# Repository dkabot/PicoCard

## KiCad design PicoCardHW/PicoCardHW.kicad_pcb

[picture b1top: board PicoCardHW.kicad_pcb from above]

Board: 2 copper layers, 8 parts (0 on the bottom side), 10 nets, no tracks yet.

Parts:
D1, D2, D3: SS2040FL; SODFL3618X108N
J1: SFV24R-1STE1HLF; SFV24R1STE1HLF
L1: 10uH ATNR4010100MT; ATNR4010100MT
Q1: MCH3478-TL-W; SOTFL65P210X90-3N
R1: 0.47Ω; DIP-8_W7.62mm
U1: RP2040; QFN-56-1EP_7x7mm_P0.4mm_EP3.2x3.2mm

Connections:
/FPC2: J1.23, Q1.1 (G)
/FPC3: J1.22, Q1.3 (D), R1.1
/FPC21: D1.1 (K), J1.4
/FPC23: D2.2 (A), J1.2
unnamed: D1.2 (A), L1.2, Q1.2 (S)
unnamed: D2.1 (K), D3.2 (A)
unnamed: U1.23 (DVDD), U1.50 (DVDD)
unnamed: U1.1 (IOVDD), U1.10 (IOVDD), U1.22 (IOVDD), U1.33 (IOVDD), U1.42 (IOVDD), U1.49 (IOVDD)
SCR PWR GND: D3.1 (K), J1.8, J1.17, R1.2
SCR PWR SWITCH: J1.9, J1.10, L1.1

○ ○ ○ ○ ○

• **TASK DESCRIPTION**
What lines in the entries above include the string "PicoCardHW"? Return each one.

• **ANSWER**
## KiCad design PicoCardHW/PicoCardHW.kicad_pcb
[picture b1top: board PicoCardHW.kicad_pcb from above]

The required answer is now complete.